A verbatim transcript of the lines below, starting at the first and ending with the one that holds "Fx_W = [2105 3995 6120 7900 10100]", is what should be produced.
━━ INFORMATION GIVEN
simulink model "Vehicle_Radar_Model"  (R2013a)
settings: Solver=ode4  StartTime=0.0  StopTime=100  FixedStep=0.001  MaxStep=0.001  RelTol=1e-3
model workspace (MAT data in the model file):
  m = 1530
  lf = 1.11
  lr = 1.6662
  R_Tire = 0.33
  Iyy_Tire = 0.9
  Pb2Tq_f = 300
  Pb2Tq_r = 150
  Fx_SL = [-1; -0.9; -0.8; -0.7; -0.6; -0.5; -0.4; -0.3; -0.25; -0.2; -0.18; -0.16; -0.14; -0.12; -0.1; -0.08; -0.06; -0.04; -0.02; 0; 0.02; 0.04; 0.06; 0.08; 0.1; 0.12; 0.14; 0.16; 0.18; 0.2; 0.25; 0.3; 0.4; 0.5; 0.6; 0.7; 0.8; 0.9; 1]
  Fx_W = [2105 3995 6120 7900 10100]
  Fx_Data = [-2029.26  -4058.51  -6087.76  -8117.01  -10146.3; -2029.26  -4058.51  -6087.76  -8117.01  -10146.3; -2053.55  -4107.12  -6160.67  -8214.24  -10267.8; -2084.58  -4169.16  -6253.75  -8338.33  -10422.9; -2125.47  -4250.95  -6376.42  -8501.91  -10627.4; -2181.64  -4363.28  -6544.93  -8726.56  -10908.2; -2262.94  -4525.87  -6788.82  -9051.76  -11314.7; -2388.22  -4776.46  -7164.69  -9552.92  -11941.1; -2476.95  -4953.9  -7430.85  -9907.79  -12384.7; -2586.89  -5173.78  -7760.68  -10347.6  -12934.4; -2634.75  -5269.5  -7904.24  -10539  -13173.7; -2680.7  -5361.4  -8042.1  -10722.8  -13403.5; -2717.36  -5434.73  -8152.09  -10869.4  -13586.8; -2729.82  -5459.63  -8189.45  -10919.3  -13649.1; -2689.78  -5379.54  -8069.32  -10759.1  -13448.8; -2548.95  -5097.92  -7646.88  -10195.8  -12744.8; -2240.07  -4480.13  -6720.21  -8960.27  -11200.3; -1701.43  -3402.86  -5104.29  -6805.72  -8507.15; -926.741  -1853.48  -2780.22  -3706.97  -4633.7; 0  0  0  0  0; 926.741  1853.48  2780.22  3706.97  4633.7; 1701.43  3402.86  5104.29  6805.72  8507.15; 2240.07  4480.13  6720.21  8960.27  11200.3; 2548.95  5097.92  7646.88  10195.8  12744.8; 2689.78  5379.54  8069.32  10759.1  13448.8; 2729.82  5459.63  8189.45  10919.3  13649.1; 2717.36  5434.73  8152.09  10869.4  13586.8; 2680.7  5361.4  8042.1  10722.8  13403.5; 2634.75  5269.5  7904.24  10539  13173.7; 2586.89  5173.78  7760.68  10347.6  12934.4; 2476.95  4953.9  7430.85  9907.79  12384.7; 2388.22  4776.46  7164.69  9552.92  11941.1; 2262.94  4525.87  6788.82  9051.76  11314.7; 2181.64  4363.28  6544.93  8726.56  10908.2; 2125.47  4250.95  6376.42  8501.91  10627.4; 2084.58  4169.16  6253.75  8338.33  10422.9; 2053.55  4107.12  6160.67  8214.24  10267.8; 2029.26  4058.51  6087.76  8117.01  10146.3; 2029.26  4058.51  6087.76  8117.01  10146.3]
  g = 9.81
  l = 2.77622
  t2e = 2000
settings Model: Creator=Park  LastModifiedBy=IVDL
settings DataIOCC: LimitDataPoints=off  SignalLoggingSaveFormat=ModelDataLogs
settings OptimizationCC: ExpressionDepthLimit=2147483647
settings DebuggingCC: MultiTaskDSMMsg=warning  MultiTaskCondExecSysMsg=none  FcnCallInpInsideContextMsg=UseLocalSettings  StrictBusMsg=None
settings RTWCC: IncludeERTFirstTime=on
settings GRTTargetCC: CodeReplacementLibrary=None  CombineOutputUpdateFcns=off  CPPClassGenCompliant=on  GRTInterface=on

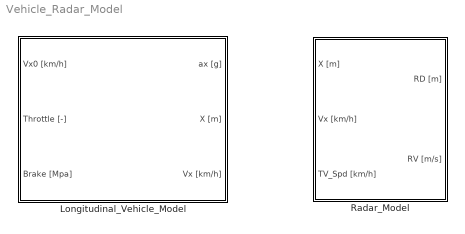
== system Vehicle_Radar_Model ==
  Longitudinal_Vehicle_Model : Subsystem
  Radar_Model : Subsystem

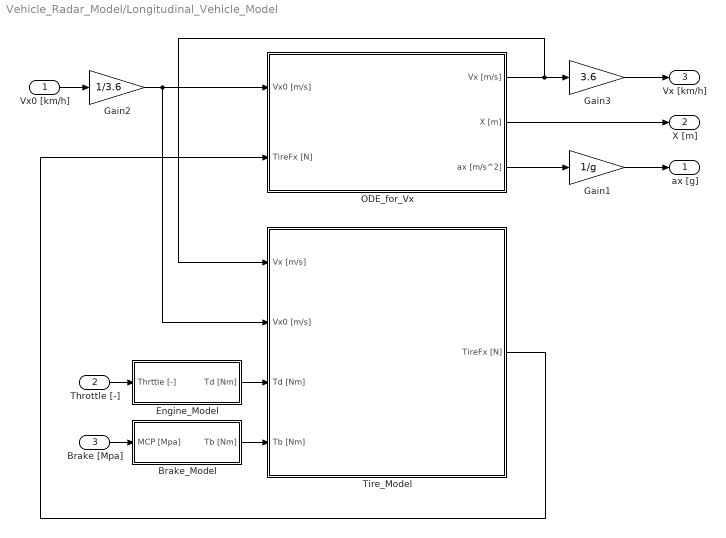
== system Vehicle_Radar_Model/Longitudinal_Vehicle_Model ==
  Vx0 [km/h] : Inport
  Throttle [-] : Inport  Port=2
  Brake [Mpa] : Inport  Port=3
  Brake_Model : Subsystem
  Engine_Model : Subsystem
  Gain1 : Gain  Gain=1/g
  Gain2 : Gain  Gain=1/3.6
  Gain3 : Gain  Gain=3.6
  ODE_for_Vx : Subsystem
  Tire_Model : Subsystem
  ax [g] : Outport
  X [m] : Outport  Port=2
  Vx [km/h] : Outport  Port=3
  wires:
  ODE_for_Vx/2(X [m]) -> X [m]/1
  Vx0 [km/h]/1 -> Gain2/1
  Engine_Model/1(Td [Nm]) -> Tire_Model/3(Td [Nm])
  Brake_Model/1(Tb [Nm]) -> Tire_Model/4(Tb [Nm])
  Brake [Mpa]/1 -> Brake_Model/1(MCP [Mpa])
  Throttle [-]/1 -> Engine_Model/1(Thrttle [-])
  Tire_Model/1(TireFx [N]) -> ODE_for_Vx/2(TireFx [N])
  ODE_for_Vx/3(ax [m/s^2]) -> Gain1/1
  Gain1/1 -> ax [g]/1
  ODE_for_Vx/1(Vx [m/s]) -> Gain3/1, Tire_Model/1(Vx [m/s])
  Gain2/1 -> ODE_for_Vx/1(Vx0 [m/s]), Tire_Model/2(Vx0 [m/s])
  Gain3/1 -> Vx [km/h]/1

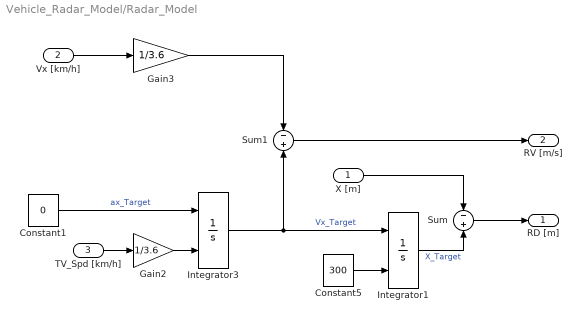
== system Vehicle_Radar_Model/Radar_Model ==
  X [m] : Inport
  Vx [km/h] : Inport  Port=2
  TV_Spd [km/h] : Inport  Port=3
  Constant1 : Constant  Value=0
  Constant5 : Constant  Value=300
  Gain2 : Gain  Gain=1/3.6
  Gain3 : Gain  Gain=1/3.6
  Integrator1 : Integrator  InitialConditionSource=external  InitialCondition=500
  Integrator3 : Integrator  InitialConditionSource=external  InitialCondition=80  LimitOutput=on  LowerSaturationLimit=0
  Sum : Sum  Inputs=-+
  Sum1 : Sum  Inputs=-+
  RD [m] : Outport
  RV [m/s] : Outport  Port=2
  wires:
  TV_Spd [km/h]/1 -> Gain2/1
  Constant1/1 -> Integrator3/1  "ax_Target"
  Integrator3/1 -> Integrator1/1, Sum1/2  "Vx_Target"
  Integrator1/1 -> Sum/2  "X_Target"
  Constant5/1 -> Integrator1/2
  Sum/1 -> RD [m]/1
  X [m]/1 -> Sum/1
  Vx [km/h]/1 -> Gain3/1
  Sum1/1 -> RV [m/s]/1
  Gain2/1 -> Integrator3/2
  Gain3/1 -> Sum1/1

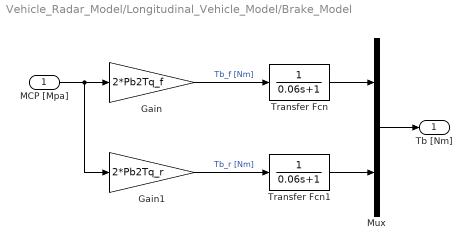
== system Vehicle_Radar_Model/Longitudinal_Vehicle_Model/Brake_Model ==
  MCP [Mpa] : Inport
  Gain : Gain  Gain=2*Pb2Tq_f
  Gain1 : Gain  Gain=2*Pb2Tq_r
  Mux : Mux  Inputs=2
  Transfer Fcn : TransferFcn  Denominator=[0.06 1]
  Transfer Fcn1 : TransferFcn  Denominator=[0.06 1]
  Tb [Nm] : Outport
  wires:
  Gain/1 -> Transfer Fcn/1  "Tb_f [Nm]"
  Gain1/1 -> Transfer Fcn1/1  "Tb_r [Nm]"
  MCP [Mpa]/1 -> Gain1/1, Gain/1
  Mux/1 -> Tb [Nm]/1
  Transfer Fcn/1 -> Mux/1
  Transfer Fcn1/1 -> Mux/2

== system Vehicle_Radar_Model/Longitudinal_Vehicle_Model/Engine_Model ==
  Thrttle [-] : Inport
  Gain : Gain  Gain=t2e
  Transfer Fcn : TransferFcn  Numerator=[100]  Denominator=[1 2*0.5*10 100]
  Td [Nm] : Outport
  wires:
  Thrttle [-]/1 -> Gain/1
  Gain/1 -> Transfer Fcn/1
  Transfer Fcn/1 -> Td [Nm]/1

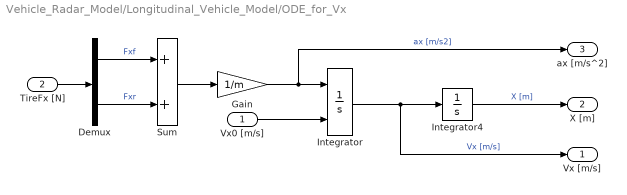
== system Vehicle_Radar_Model/Longitudinal_Vehicle_Model/ODE_for_Vx ==
  Vx0 [m/s] : Inport
  TireFx [N] : Inport  Port=2
  Demux : Demux  Outputs=2
  Gain : Gain  Gain=1/m
  Integrator : Integrator  InitialConditionSource=external
  Integrator4 : Integrator
  Sum : Sum
  Vx [m/s] : Outport
  X [m] : Outport  Port=2
  ax [m/s^2] : Outport  Port=3
  wires:
  Integrator4/1 -> X [m]/1  "X [m]"
  Vx0 [m/s]/1 -> Integrator/2
  Integrator/1 -> Integrator4/1, Vx [m/s]/1  "Vx [m/s]"
  Sum/1 -> Gain/1
  Gain/1 -> Integrator/1, ax [m/s^2]/1  "ax [m/s2]"
  TireFx [N]/1 -> Demux/1
  Demux/1 -> Sum/1  "Fxf"
  Demux/2 -> Sum/2  "Fxr"

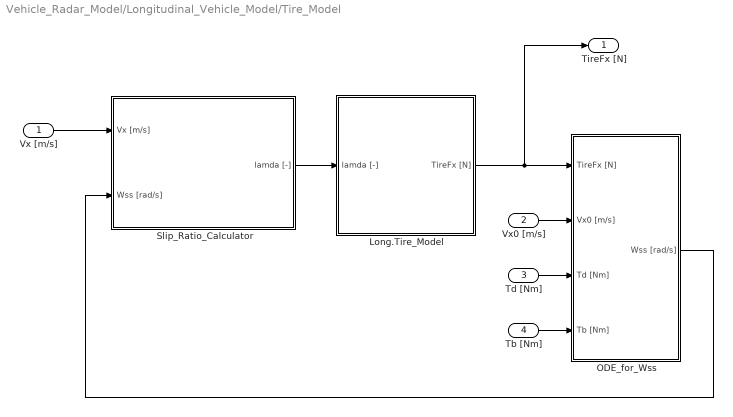
== system Vehicle_Radar_Model/Longitudinal_Vehicle_Model/Tire_Model ==
  Vx [m/s] : Inport
  Vx0 [m/s] : Inport  Port=2
  Td [Nm] : Inport  Port=3
  Tb [Nm] : Inport  Port=4
  Long.Tire_Model : Subsystem
  ODE_for_Wss : Subsystem
  Slip_Ratio_Calculator : Subsystem
  TireFx [N] : Outport
  wires:
  Long.Tire_Model/1(TireFx [N]) -> TireFx [N]/1, ODE_for_Wss/1(TireFx [N])
  Slip_Ratio_Calculator/1(lamda [-]) -> Long.Tire_Model/1(lamda [-])
  Vx [m/s]/1 -> Slip_Ratio_Calculator/1(Vx [m/s])
  Vx0 [m/s]/1 -> ODE_for_Wss/2(Vx0 [m/s])
  Td [Nm]/1 -> ODE_for_Wss/3(Td [Nm])
  Tb [Nm]/1 -> ODE_for_Wss/4(Tb [Nm])
  ODE_for_Wss/1(Wss [rad/s]) -> Slip_Ratio_Calculator/2(Wss [rad/s])

== system Vehicle_Radar_Model/Longitudinal_Vehicle_Model/Tire_Model/Long.Tire_Model ==
  lamda [-] : Inport
  Demux : Demux  Outputs=2
  Fx_f_Calculator : Subsystem
  Fx_r_Calculator : Subsystem
  Mux : Mux  Inputs=2
  TireFx [N] : Outport
  wires:
  lamda [-]/1 -> Demux/1
  Demux/1 -> Fx_f_Calculator/1(lamda_f [-])
  Demux/2 -> Fx_r_Calculator/1(lamda_r [-])
  Fx_f_Calculator/1(TireFx _f [N]) -> Mux/1
  Fx_r_Calculator/1(TireFx _r [N]) -> Mux/2
  Mux/1 -> TireFx [N]/1

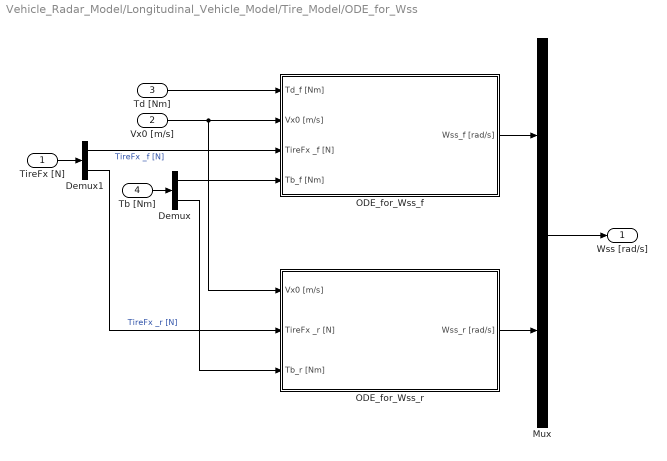
== system Vehicle_Radar_Model/Longitudinal_Vehicle_Model/Tire_Model/ODE_for_Wss ==
  TireFx [N] : Inport
  Vx0 [m/s] : Inport  Port=2
  Td [Nm] : Inport  Port=3
  Tb [Nm] : Inport  Port=4
  Demux : Demux  Outputs=2
  Demux1 : Demux  Outputs=2
  Mux : Mux  Inputs=2
  ODE_for_Wss_f : Subsystem
  ODE_for_Wss_r : Subsystem
  Wss [rad/s] : Outport
  wires:
  Demux1/1 -> ODE_for_Wss_f/3(TireFx _f [N])  "TireFx _f [N]"
  Td [Nm]/1 -> ODE_for_Wss_f/1(Td_f [Nm])
  Vx0 [m/s]/1 -> ODE_for_Wss_r/1(Vx0 [m/s]), ODE_for_Wss_f/2(Vx0 [m/s])
  Tb [Nm]/1 -> Demux/1
  Demux/1 -> ODE_for_Wss_f/4(Tb_f [Nm])
  Demux/2 -> ODE_for_Wss_r/3(Tb_r [Nm])
  TireFx [N]/1 -> Demux1/1
  Demux1/2 -> ODE_for_Wss_r/2(TireFx _r [N])  "TireFx _r [N]"
  ODE_for_Wss_f/1(Wss_f [rad/s]) -> Mux/1
  ODE_for_Wss_r/1(Wss_r [rad/s]) -> Mux/2
  Mux/1 -> Wss [rad/s]/1

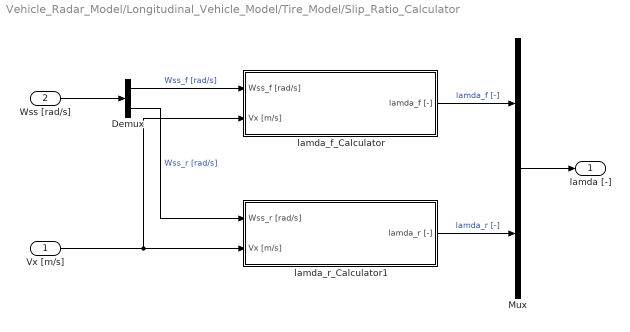
== system Vehicle_Radar_Model/Longitudinal_Vehicle_Model/Tire_Model/Slip_Ratio_Calculator ==
  Vx [m/s] : Inport
  Wss [rad/s] : Inport  Port=2
  Demux : Demux  Outputs=2
  Mux : Mux  Inputs=2
  lamda_f_Calculator : Subsystem
  lamda_r_Calculator1 : Subsystem
  lamda [-] : Outport
  wires:
  Vx [m/s]/1 -> lamda_f_Calculator/2(Vx [m/s]), lamda_r_Calculator1/2(Vx [m/s])
  lamda_f_Calculator/1(lamda_f [-]) -> Mux/1  "lamda_f [-]"
  lamda_r_Calculator1/1(lamda_r [-]) -> Mux/2  "lamda_r [-]"
  Mux/1 -> lamda [-]/1
  Wss [rad/s]/1 -> Demux/1
  Demux/1 -> lamda_f_Calculator/1(Wss_f [rad/s])  "Wss_f [rad/s]"
  Demux/2 -> lamda_r_Calculator1/1(Wss_r [rad/s])  "Wss_r [rad/s]"

== system Vehicle_Radar_Model/Longitudinal_Vehicle_Model/Tire_Model/Long.Tire_Model/Fx_f_Calculator ==
  lamda_f [-] : Inport
  Constant : Constant  Value=m*9.81
  Fx_Table_fl : Lookup2D  RowIndex=Fx_SL  ColumnIndex=Fx_W  Table=Fx_Data  SaturateOnIntegerOverflow=on
  Gain : Gain  Gain=lr / (lf+lr)
  Gain1 : Gain  Gain=2
  Gain4 : Gain  Gain=0.5
  TireFx _f [N] : Outport
  wires:
  Gain1/1 -> TireFx _f [N]/1
  lamda_f [-]/1 -> Fx_Table_fl/1
  Constant/1 -> Gain/1
  Gain/1 -> Gain4/1
  Gain4/1 -> Fx_Table_fl/2  "Wf [N]"
  Fx_Table_fl/1 -> Gain1/1

== system Vehicle_Radar_Model/Longitudinal_Vehicle_Model/Tire_Model/Long.Tire_Model/Fx_r_Calculator ==
  lamda_r [-] : Inport
  Constant1 : Constant  Value=m*9.81
  Fx_Table_fl1 : Lookup2D  RowIndex=Fx_SL  ColumnIndex=Fx_W  Table=Fx_Data  SaturateOnIntegerOverflow=on
  Gain2 : Gain  Gain=lf / (lf+lr)
  Gain3 : Gain  Gain=2
  Gain5 : Gain  Gain=0.5
  TireFx _r [N] : Outport
  wires:
  lamda_r [-]/1 -> Fx_Table_fl1/1
  Constant1/1 -> Gain2/1
  Fx_Table_fl1/1 -> Gain3/1
  Gain2/1 -> Gain5/1
  Gain5/1 -> Fx_Table_fl1/2  "Wr [N]"
  Gain3/1 -> TireFx _r [N]/1

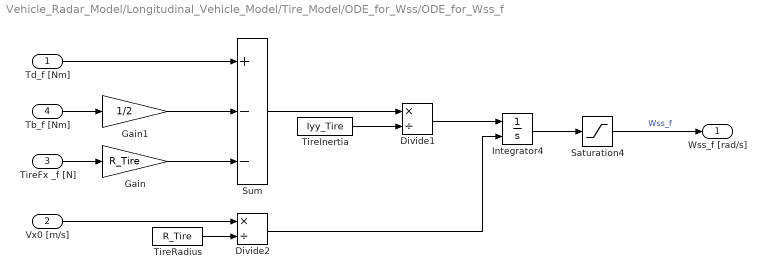
== system Vehicle_Radar_Model/Longitudinal_Vehicle_Model/Tire_Model/ODE_for_Wss/ODE_for_Wss_f ==
  Td_f [Nm] : Inport
  Vx0 [m/s] : Inport  Port=2
  TireFx _f [N] : Inport  Port=3
  Tb_f [Nm] : Inport  Port=4
  Divide1 : Product  Inputs=*/
  Divide2 : Product  Inputs=*/
  Gain : Gain  Gain=R_Tire
  Gain1 : Gain  Gain=1/2
  Integrator4 : Integrator  InitialConditionSource=external
  Saturation4 : Saturate  UpperLimit=255  LowerLimit=0
  Sum : Sum  Inputs=+--
  TireInertia : Constant  Value=Iyy_Tire
  TireRadius : Constant  Value=R_Tire
  Wss_f [rad/s] : Outport
  wires:
  Gain/1 -> Sum/3
  Td_f [Nm]/1 -> Sum/1
  Tb_f [Nm]/1 -> Gain1/1
  TireFx _f [N]/1 -> Gain/1
  Sum/1 -> Divide1/1
  TireInertia/1 -> Divide1/2
  Divide1/1 -> Integrator4/1
  TireRadius/1 -> Divide2/2
  Vx0 [m/s]/1 -> Divide2/1
  Divide2/1 -> Integrator4/2
  Integrator4/1 -> Saturation4/1
  Saturation4/1 -> Wss_f [rad/s]/1  "Wss_f"
  Gain1/1 -> Sum/2

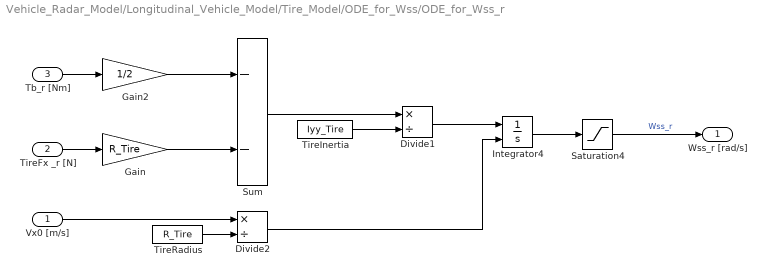
== system Vehicle_Radar_Model/Longitudinal_Vehicle_Model/Tire_Model/ODE_for_Wss/ODE_for_Wss_r ==
  Vx0 [m/s] : Inport
  TireFx _r [N] : Inport  Port=2
  Tb_r [Nm] : Inport  Port=3
  Divide1 : Product  Inputs=*/
  Divide2 : Product  Inputs=*/
  Gain : Gain  Gain=R_Tire
  Gain2 : Gain  Gain=1/2
  Integrator4 : Integrator  InitialConditionSource=external
  Saturation4 : Saturate  UpperLimit=255  LowerLimit=0
  Sum : Sum  Inputs=--
  TireInertia : Constant  Value=Iyy_Tire
  TireRadius : Constant  Value=R_Tire
  Wss_r [rad/s] : Outport
  wires:
  Saturation4/1 -> Wss_r [rad/s]/1  "Wss_r"
  Integrator4/1 -> Saturation4/1
  Divide2/1 -> Integrator4/2
  Vx0 [m/s]/1 -> Divide2/1
  TireRadius/1 -> Divide2/2
  Divide1/1 -> Integrator4/1
  TireInertia/1 -> Divide1/2
  Sum/1 -> Divide1/1
  TireFx _r [N]/1 -> Gain/1
  Tb_r [Nm]/1 -> Gain2/1
  Gain/1 -> Sum/2
  Gain2/1 -> Sum/1

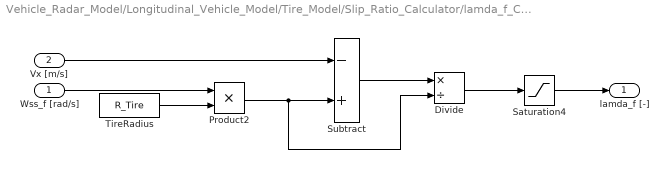
== system Vehicle_Radar_Model/Longitudinal_Vehicle_Model/Tire_Model/Slip_Ratio_Calculator/lamda_f_Calculator ==
  Wss_f [rad/s] : Inport
  Vx [m/s] : Inport  Port=2
  Divide : Product  Inputs=*/
  Product2 : Product  RndMeth=Zero
  Saturation4 : Saturate  UpperLimit=1  LowerLimit=-1
  Subtract : Sum  Inputs=-+
  TireRadius : Constant  Value=R_Tire
  lamda_f [-] : Outport
  wires:
  Vx [m/s]/1 -> Subtract/1
  Wss_f [rad/s]/1 -> Product2/1
  TireRadius/1 -> Product2/2
  Product2/1 -> Subtract/2, Divide/2
  Subtract/1 -> Divide/1
  Divide/1 -> Saturation4/1
  Saturation4/1 -> lamda_f [-]/1

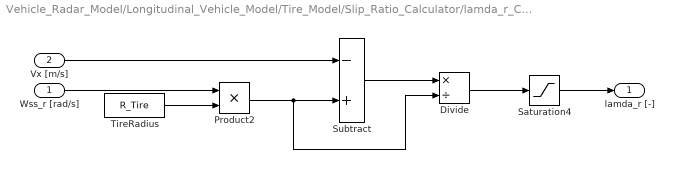
== system Vehicle_Radar_Model/Longitudinal_Vehicle_Model/Tire_Model/Slip_Ratio_Calculator/lamda_r_Calculator1 ==
  Wss_r [rad/s] : Inport
  Vx [m/s] : Inport  Port=2
  Divide : Product  Inputs=*/
  Product2 : Product  RndMeth=Zero
  Saturation4 : Saturate  UpperLimit=1  LowerLimit=-1
  Subtract : Sum  Inputs=-+
  TireRadius : Constant  Value=R_Tire
  lamda_r [-] : Outport
  wires:
  Saturation4/1 -> lamda_r [-]/1
  Divide/1 -> Saturation4/1
  Subtract/1 -> Divide/1
  Product2/1 -> Divide/2, Subtract/2
  TireRadius/1 -> Product2/2
  Wss_r [rad/s]/1 -> Product2/1
  Vx [m/s]/1 -> Subtract/1
━━━━
- TASK RESULT
simulink model "Vehicle_Radar_Model"  (R2013a)
settings: Solver=ode4  StartTime=0.0  StopTime=100  FixedStep=0.001  MaxStep=0.001  RelTol=1e-3
model workspace (MAT data in the model file):
  m = 1530
  lf = 1.11
  lr = 1.6662
  R_Tire = 0.33
  Iyy_Tire = 0.9
  Pb2Tq_f = 300
  Pb2Tq_r = 150
  Fx_SL = [-1; -0.9; -0.8; -0.7; -0.6; -0.5; -0.4; -0.3; -0.25; -0.2; -0.18; -0.16; -0.14; -0.12; -0.1; -0.08; -0.06; -0.04; -0.02; 0; 0.02; 0.04; 0.06; 0.08; 0.1; 0.12; 0.14; 0.16; 0.18; 0.2; 0.25; 0.3; 0.4; 0.5; 0.6; 0.7; 0.8; 0.9; 1]
  Fx_W = [2105 3995 6120 7900 10100]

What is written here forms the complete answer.